The external exposure from radioactivity in the mother to the infant could be significant, especially with high-energy photon radiopharmaceuticals (e.g., positron emitters). Despite common observations of increased breast ¹⁸F-FDG uptake in the lactating breast, ¹⁸F activity measured in breast milk was low (3), suggesting that the main source of potential radiation hazard to a breastfeeding infant is likely to be from the infant’s close proximity to the breast (external) rather than from ingestion of milk (internal). Consequently, patients should also be advised to avoid close contact with their children to reduce external radiation exposure. Our recommendation of breastfeeding interruption and avoiding close contact with the infant for 12 h is consistent with the SNMMI/EANM guidelines. The ACMUI recommended a 4-h interruption, possibly based only on the biokinetics of ¹⁸F-FDG and the absorbed-dose estimates for the lactating breast.
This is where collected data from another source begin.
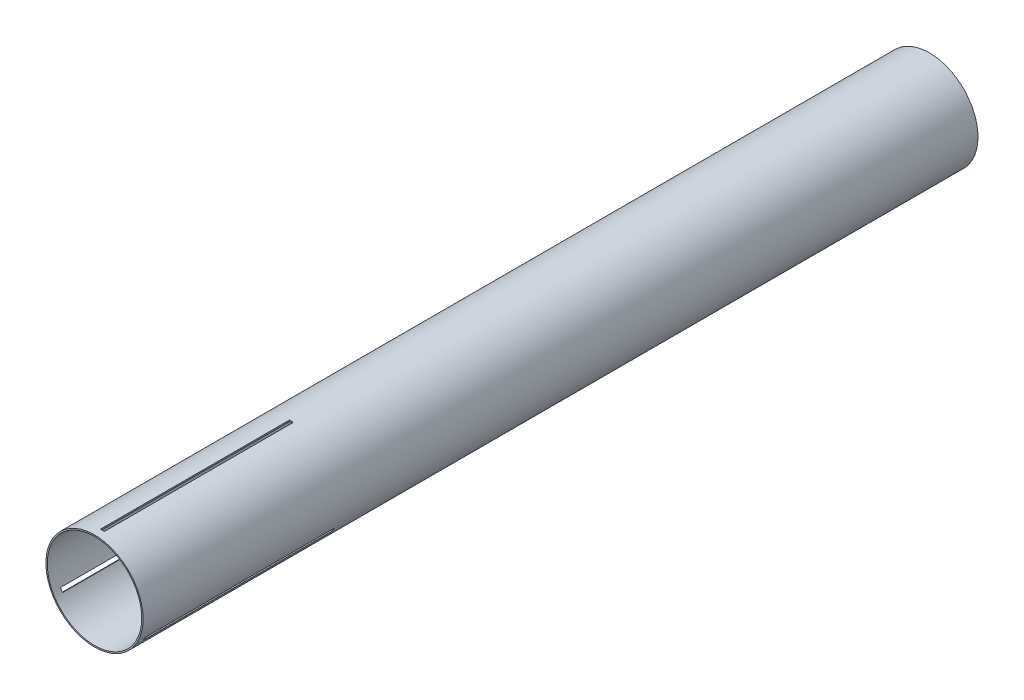
ISO-10303-21;
HEADER;
FILE_DESCRIPTION(('STEP AP214'),'2;1');
FILE_NAME('part.step','',(''),(''),'','','');
FILE_SCHEMA(('AUTOMOTIVE_DESIGN { 1 0 10303 214 1 1 1 1 }'));
ENDSEC;
DATA;
#1=APPLICATION_CONTEXT('core data for automotive mechanical design processes');
#2=APPLICATION_PROTOCOL_DEFINITION('international standard','automotive_design',2000,#1);
#3=PRODUCT_CONTEXT('',#1,'mechanical');
#4=PRODUCT('Part','Part','',(#3));
#5=PRODUCT_RELATED_PRODUCT_CATEGORY('part','',(#4));
#6=PRODUCT_DEFINITION_FORMATION('','',#4);
#7=PRODUCT_DEFINITION_CONTEXT('part definition',#1,'design');
#8=PRODUCT_DEFINITION('design','',#6,#7);
#9=PRODUCT_DEFINITION_SHAPE('','',#8);
#10=(LENGTH_UNIT() NAMED_UNIT(*) SI_UNIT(.MILLI.,.METRE.));
#11=(NAMED_UNIT(*) PLANE_ANGLE_UNIT() SI_UNIT($,.RADIAN.));
#12=(NAMED_UNIT(*) SI_UNIT($,.STERADIAN.) SOLID_ANGLE_UNIT());
#13=UNCERTAINTY_MEASURE_WITH_UNIT(LENGTH_MEASURE(1.E-05),#10,'distance_accuracy_value','');
#14=(GEOMETRIC_REPRESENTATION_CONTEXT(3) GLOBAL_UNCERTAINTY_ASSIGNED_CONTEXT((#13)) GLOBAL_UNIT_ASSIGNED_CONTEXT((#10,
#11,#12)) REPRESENTATION_CONTEXT('',''));
#15=CARTESIAN_POINT('',(0.,0.,0.));
#16=DIRECTION('',(0.,0.,1.));
#17=DIRECTION('',(1.,0.,0.));
#18=AXIS2_PLACEMENT_3D('',#15,#16,#17);
#19=CARTESIAN_POINT('',(0.,0.,1346.2));
#20=DIRECTION('',(0.,0.,-1.));
#21=DIRECTION('',(-1.,0.,0.));
#22=AXIS2_PLACEMENT_3D('',#19,#20,#21);
#23=CYLINDRICAL_SURFACE('',#22,78.359);
#24=DIRECTION('',(0.,0.,-1.));
#25=VECTOR('',#24,1.);
#26=CARTESIAN_POINT('',(66.2176560871294,-41.8969557763647,1346.2));
#27=LINE('',#26,#25);
#28=CARTESIAN_POINT('',(66.2176560871293,-41.8969557763647,1028.7));
#29=VERTEX_POINT('',#28);
#30=CARTESIAN_POINT('',(66.2176560871293,-41.8969557763647,1333.5));
#31=VERTEX_POINT('',#30);
#32=EDGE_CURVE('E159',#29,#31,#27,.F.);
#33=ORIENTED_EDGE('',*,*,#32,.T.);
#34=CARTESIAN_POINT('',(0.,0.,1333.5));
#35=DIRECTION('',(0.,0.,1.));
#36=DIRECTION('',(1.,0.,0.));
#37=AXIS2_PLACEMENT_3D('',#34,#35,#36);
#38=CIRCLE('',#37,78.359);
#39=CARTESIAN_POINT('',(69.3926560871294,-36.3976944623336,1333.5));
#40=VERTEX_POINT('',#39);
#41=EDGE_CURVE('E149',#31,#40,#38,.T.);
#42=ORIENTED_EDGE('',*,*,#41,.T.);
#43=DIRECTION('',(0.,0.,-1.));
#44=VECTOR('',#43,1.);
#45=CARTESIAN_POINT('',(69.3926560871294,-36.3976944623336,1346.2));
#46=LINE('',#45,#44);
#47=CARTESIAN_POINT('',(69.3926560871294,-36.3976944623336,1028.7));
#48=VERTEX_POINT('',#47);
#49=EDGE_CURVE('E157',#48,#40,#46,.F.);
#50=ORIENTED_EDGE('',*,*,#49,.F.);
#51=CARTESIAN_POINT('',(0.,0.,1028.7));
#52=DIRECTION('',(0.,0.,1.));
#53=DIRECTION('',(1.,0.,0.));
#54=AXIS2_PLACEMENT_3D('',#51,#52,#53);
#55=CIRCLE('',#54,78.359);
#56=EDGE_CURVE('E150',#29,#48,#55,.T.);
#57=ORIENTED_EDGE('',*,*,#56,.F.);
#58=EDGE_LOOP('',(#33,#42,#50,#57));
#59=FACE_BOUND('',#58,.T.);
#60=DIRECTION('',(0.,0.,-1.));
#61=VECTOR('',#60,1.);
#62=CARTESIAN_POINT('',(-3.175,78.2946502386977,1346.2));
#63=LINE('',#62,#61);
#64=CARTESIAN_POINT('',(-3.175,78.2946502386977,1028.7));
#65=VERTEX_POINT('',#64);
#66=CARTESIAN_POINT('',(-3.175,78.2946502386977,1333.5));
#67=VERTEX_POINT('',#66);
#68=EDGE_CURVE('E181',#65,#67,#63,.F.);
#69=ORIENTED_EDGE('',*,*,#68,.F.);
#70=CARTESIAN_POINT('',(0.,0.,1028.7));
#71=DIRECTION('',(0.,0.,1.));
#72=DIRECTION('',(1.,0.,0.));
#73=AXIS2_PLACEMENT_3D('',#70,#71,#72);
#74=CIRCLE('',#73,78.359);
#75=CARTESIAN_POINT('',(3.175,78.2946502386977,1028.7));
#76=VERTEX_POINT('',#75);
#77=EDGE_CURVE('E173',#76,#65,#74,.T.);
#78=ORIENTED_EDGE('',*,*,#77,.F.);
#79=DIRECTION('',(0.,0.,-1.));
#80=VECTOR('',#79,1.);
#81=CARTESIAN_POINT('',(3.175,78.2946502386977,1346.2));
#82=LINE('',#81,#80);
#83=CARTESIAN_POINT('',(3.175,78.2946502386977,1333.5));
#84=VERTEX_POINT('',#83);
#85=EDGE_CURVE('E175',#76,#84,#82,.F.);
#86=ORIENTED_EDGE('',*,*,#85,.T.);
#87=CARTESIAN_POINT('',(0.,0.,1333.5));
#88=DIRECTION('',(0.,0.,1.));
#89=DIRECTION('',(1.,0.,0.));
#90=AXIS2_PLACEMENT_3D('',#87,#88,#89);
#91=CIRCLE('',#90,78.359);
#92=EDGE_CURVE('E178',#84,#67,#91,.T.);
#93=ORIENTED_EDGE('',*,*,#92,.T.);
#94=EDGE_LOOP('',(#69,#78,#86,#93));
#95=FACE_BOUND('',#94,.T.);
#96=CARTESIAN_POINT('',(0.,0.,1346.2));
#97=DIRECTION('',(0.,0.,1.));
#98=DIRECTION('',(1.,0.,0.));
#99=AXIS2_PLACEMENT_3D('',#96,#97,#98);
#100=CIRCLE('',#99,78.359);
#101=CARTESIAN_POINT('',(78.359,0.,1346.2));
#102=VERTEX_POINT('',#101);
#103=EDGE_CURVE('E190',#102,#102,#100,.T.);
#104=ORIENTED_EDGE('',*,*,#103,.F.);
#105=EDGE_LOOP('',(#104));
#106=FACE_BOUND('',#105,.T.);
#107=CARTESIAN_POINT('',(0.,0.,0.));
#108=DIRECTION('',(0.,0.,1.));
#109=DIRECTION('',(1.,0.,0.));
#110=AXIS2_PLACEMENT_3D('',#107,#108,#109);
#111=CIRCLE('',#110,78.359);
#112=CARTESIAN_POINT('',(78.359,0.,0.));
#113=VERTEX_POINT('',#112);
#114=EDGE_CURVE('E187',#113,#113,#111,.T.);
#115=ORIENTED_EDGE('',*,*,#114,.T.);
#116=EDGE_LOOP('',(#115));
#117=FACE_BOUND('',#116,.T.);
#118=DIRECTION('',(0.,0.,-1.));
#119=VECTOR('',#118,1.);
#120=CARTESIAN_POINT('',(-66.2176560871299,-41.8969557763638,1346.2));
#121=LINE('',#120,#119);
#122=CARTESIAN_POINT('',(-66.2176560871299,-41.8969557763638,1028.7));
#123=VERTEX_POINT('',#122);
#124=CARTESIAN_POINT('',(-66.2176560871299,-41.8969557763638,1333.5));
#125=VERTEX_POINT('',#124);
#126=EDGE_CURVE('E135',#123,#125,#121,.F.);
#127=ORIENTED_EDGE('',*,*,#126,.F.);
#128=CARTESIAN_POINT('',(-69.3926560871299,-36.3976944623326,1028.7));
#129=VERTEX_POINT('',#128);
#130=EDGE_CURVE('E141',#129,#123,#55,.T.);
#131=ORIENTED_EDGE('',*,*,#130,.F.);
#132=DIRECTION('',(0.,0.,-1.));
#133=VECTOR('',#132,1.);
#134=CARTESIAN_POINT('',(-69.3926560871299,-36.3976944623326,1346.2));
#135=LINE('',#134,#133);
#136=CARTESIAN_POINT('',(-69.3926560871299,-36.3976944623326,1333.5));
#137=VERTEX_POINT('',#136);
#138=EDGE_CURVE('E127',#129,#137,#135,.F.);
#139=ORIENTED_EDGE('',*,*,#138,.T.);
#140=EDGE_CURVE('E153',#137,#125,#38,.T.);
#141=ORIENTED_EDGE('',*,*,#140,.T.);
#142=EDGE_LOOP('',(#127,#131,#139,#141));
#143=FACE_BOUND('',#142,.T.);
#144=ADVANCED_FACE('F40',(#59,#95,#106,#117,#143),#23,.T.);
#145=CARTESIAN_POINT('',(0.,0.,1346.2));
#146=DIRECTION('',(0.,0.,-1.));
#147=DIRECTION('',(-1.,0.,0.));
#148=AXIS2_PLACEMENT_3D('',#145,#146,#147);
#149=CYLINDRICAL_SURFACE('',#148,76.2);
#150=CARTESIAN_POINT('',(0.,0.,1333.5));
#151=DIRECTION('',(0.,0.,1.));
#152=DIRECTION('',(1.,0.,0.));
#153=AXIS2_PLACEMENT_3D('',#150,#151,#152);
#154=CIRCLE('',#153,76.2);
#155=CARTESIAN_POINT('',(64.346326911912,-40.8165433733106,1333.5));
#156=VERTEX_POINT('',#155);
#157=CARTESIAN_POINT('',(67.5213269119121,-35.3172820592794,1333.5));
#158=VERTEX_POINT('',#157);
#159=EDGE_CURVE('E11',#156,#158,#154,.T.);
#160=ORIENTED_EDGE('',*,*,#159,.F.);
#161=DIRECTION('',(0.,0.,-1.));
#162=VECTOR('',#161,1.);
#163=CARTESIAN_POINT('',(64.346326911912,-40.8165433733106,1346.2));
#164=LINE('',#163,#162);
#165=CARTESIAN_POINT('',(64.346326911912,-40.8165433733106,1028.7));
#166=VERTEX_POINT('',#165);
#167=EDGE_CURVE('E43',#166,#156,#164,.F.);
#168=ORIENTED_EDGE('',*,*,#167,.F.);
#169=CARTESIAN_POINT('',(0.,0.,1028.7));
#170=DIRECTION('',(0.,0.,1.));
#171=DIRECTION('',(1.,0.,0.));
#172=AXIS2_PLACEMENT_3D('',#169,#170,#171);
#173=CIRCLE('',#172,76.2);
#174=CARTESIAN_POINT('',(67.5213269119121,-35.3172820592794,1028.7));
#175=VERTEX_POINT('',#174);
#176=EDGE_CURVE('E207',#166,#175,#173,.T.);
#177=ORIENTED_EDGE('',*,*,#176,.T.);
#178=DIRECTION('',(0.,0.,-1.));
#179=VECTOR('',#178,1.);
#180=CARTESIAN_POINT('',(67.5213269119121,-35.3172820592794,1346.2));
#181=LINE('',#180,#179);
#182=EDGE_CURVE('E211',#175,#158,#181,.F.);
#183=ORIENTED_EDGE('',*,*,#182,.T.);
#184=EDGE_LOOP('',(#160,#168,#177,#183));
#185=FACE_BOUND('',#184,.T.);
#186=CARTESIAN_POINT('',(0.,0.,1346.2));
#187=DIRECTION('',(0.,0.,1.));
#188=DIRECTION('',(1.,0.,0.));
#189=AXIS2_PLACEMENT_3D('',#186,#187,#188);
#190=CIRCLE('',#189,76.2);
#191=CARTESIAN_POINT('',(76.2,0.,1346.2));
#192=VERTEX_POINT('',#191);
#193=EDGE_CURVE('E184',#192,#192,#190,.T.);
#194=ORIENTED_EDGE('',*,*,#193,.T.);
#195=EDGE_LOOP('',(#194));
#196=FACE_BOUND('',#195,.T.);
#197=CARTESIAN_POINT('',(0.,0.,0.));
#198=DIRECTION('',(0.,0.,1.));
#199=DIRECTION('',(1.,0.,0.));
#200=AXIS2_PLACEMENT_3D('',#197,#198,#199);
#201=CIRCLE('',#200,76.2);
#202=CARTESIAN_POINT('',(76.2,0.,0.));
#203=VERTEX_POINT('',#202);
#204=EDGE_CURVE('E183',#203,#203,#201,.T.);
#205=ORIENTED_EDGE('',*,*,#204,.F.);
#206=EDGE_LOOP('',(#205));
#207=FACE_BOUND('',#206,.T.);
#208=CARTESIAN_POINT('',(0.,0.,1028.7));
#209=DIRECTION('',(0.,0.,1.));
#210=DIRECTION('',(1.,0.,0.));
#211=AXIS2_PLACEMENT_3D('',#208,#209,#210);
#212=CIRCLE('',#211,76.2);
#213=CARTESIAN_POINT('',(3.175,76.1338254325894,1028.7));
#214=VERTEX_POINT('',#213);
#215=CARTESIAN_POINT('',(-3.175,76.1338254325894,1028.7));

The mother should be advised to breastfeed the baby right before administration of the radiopharmaceutical and the interruption period. During this interruption, breast milk may be expressed at the usual feeding times and discarded or frozen for later use, depending on the circumstances. Afterward, breastfeeding can resume without concern. For an interruption period of longer than 3 wk, it may be difficult to resume breastfeeding. However, if the mother wishes to continue to breastfeed, she is advised to continue to express breast milk at the usual feeding times and discard it each time during these 3 wk.

There is a 2- to 5-fold increase in breast mass during lactation, and it is known that the lactating breast is sensitive to radiation. Except for ⁶⁷Ga-citrate and ¹³¹I-NaI, the highest absorbed dose estimates to the lactating breast for typical diagnostic administered activities are usually well under 0.01 Gy (1 rad). The absorbed dose to the lactating breast with a therapeutic administered activity of 4,000 MBq (108 mCi) of ¹³¹I-NaI was estimated to be 1.6 Gy (160 rad) (12). For lactating patients undergoing radioiodine therapy, we have followed the American Thyroid Association guidelines (13) and recommend discontinuing breastfeeding 3 mo before radioiodine ablation therapy to minimize the radioiodine concentration in the maternal breast and, thus, the absorbed maternal breast dose.